From a Bayesian perspective, we should consider both as possible with priors P and 1-P (i.e. the answer is somewhere between 1/3 and 1/2). On the other hand, from the perspective of someone taking a math test, I'd rather like the professor to tell me their own prior -- which, given they felt confident enough to put this on a test, they must believe it's basically 0 or basically 1.

Ultimately, both scenarios are describable by the same English phrase, and it feels proscriptivist to just consider one of them, even if it happens to have the least entropy in this case. There should always be the followup question asked: "_how_ did you know this?" and if it's kicked back to " because someone told me," either we need to ask how that person learned it or else bust out some priors.

Thanks for the compliment about the bucket, I was quite pleased with it :)

I do appreciate what you mean about the language issue — it's a misleading phrase that due to the context of the question encourages the listener to jump to "1/2". But it's quite a common expression in probability, and in that context the expression is unambiguous, if difficult to parse (like many things in mathematics, I suppose).

That makes sense.

I agree that it's must be a standard understanding among statisticians that one of these interpretations is implied (although maybe given what happened with the Monty Hall problem, it's not really so standard?). It's legitimately interesting that these two different interpretations result in different answers, but I feel that it is rather confusing to tell an outsider of the field that 1/3 is "the" answer and that their intuitions are wrong -- when actually it's just one conventional interpretation.

The Monty Hall problem is often understated, and for example the "intuitive" answer of 1/2 (i.e. that switching doesn't matter) can be restored if we assume the host himself didn't know where the car was and just happened to reveal another mule by chance.
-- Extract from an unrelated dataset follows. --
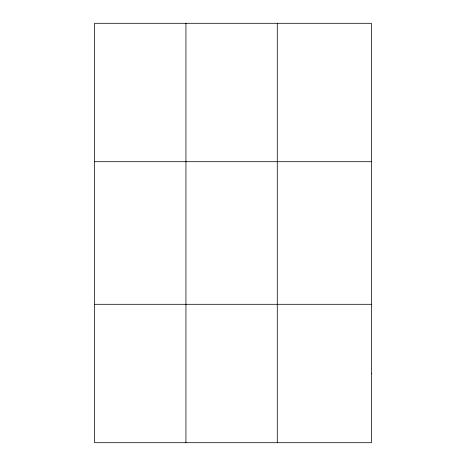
<?xml version="1.0" encoding="UTF-8"?>
<svg xmlns="http://www.w3.org/2000/svg" width="466" height="466" viewBox="0 0 466 466"><rect width="100%" height="100%" fill="white"/><g stroke="black" fill="none" stroke-linecap="round" stroke-linejoin="round"><path stroke-width="0.7" d="M185.94 442.7L185.94 23.3M277.287 442.7L277.287 23.3M94.598 161.702L371.402 161.702M94.598 304.298L371.402 304.298M371.402 373.499L371.402 442.7L94.598 442.7L94.598 23.3L371.402 23.3L371.402 373.499"/></g></svg>

The assumption that the host knows where the car is is often not mentioned explicitly. Now it's just convention that in other such scenarios that there should be a similar understanding.

The way I like to think about the Monty Hall problem is by thinking of switching not as being "switch to another unspecified second door" but rather "switch to the winner among the other two doors, if any of them are winners".
The problem is ambiguous, due to under specification. That means that neither #1 nor #2 is "actually equivalent" to "at least one child is a boy," and more information is needed to construct a probability space.

#1 is "When both genders are known, and boys are preferred in the description, at least one is a boy." The preference is what makes the answer 1/3, and assuming it adds information to the problem.

#2 can be "When only one gender is known, and how we know it is uncorrelated with either possibility, at least one is a boy." But it can also be "When both genders are known, and the description reflects the probability of that gender being chosen at random from the two, at least one is a boy." In both cases, the answer is 1/2.

But being under-specified does not mean the question can't be answered, it just requires applying a reasonable assumption instead of an unreasonable one. #1 is very unreasonable since it adds information, #2 is close, but #3 is best.

And the proof is Bertrand's Box Paradox. That name does not properly refer to a probability problem, it applies to how to make this reasonable assumption.

"Mr. Jones has exactly two children. I have written the gender, of at least one, inside this sealed envelope. What is the probability that both children have that gender?"

If you were to open the envelope, and see the word "boy," the problem becomes the same as the one under discussion. If it can be answered, that answer is correct here as well. But it is an equivalent problem if you see the word "girl," and again the answer must be the same. If 1/3 is an acceptable answer, it means that 1/3 of all two-child families have two of the same gender, and 2/3 have mixed genders.

But that is a contradiction. We know that the split is 1/2:1/2. So the assumption, that 1/3 is a reasonable answer, is disproven. Now, that does not mean that the information came to us via #2 or #3, it just means we can't assume that it was #1.

Most often, the same logic is used for the Monty Hall Problem, it is just applied backwards.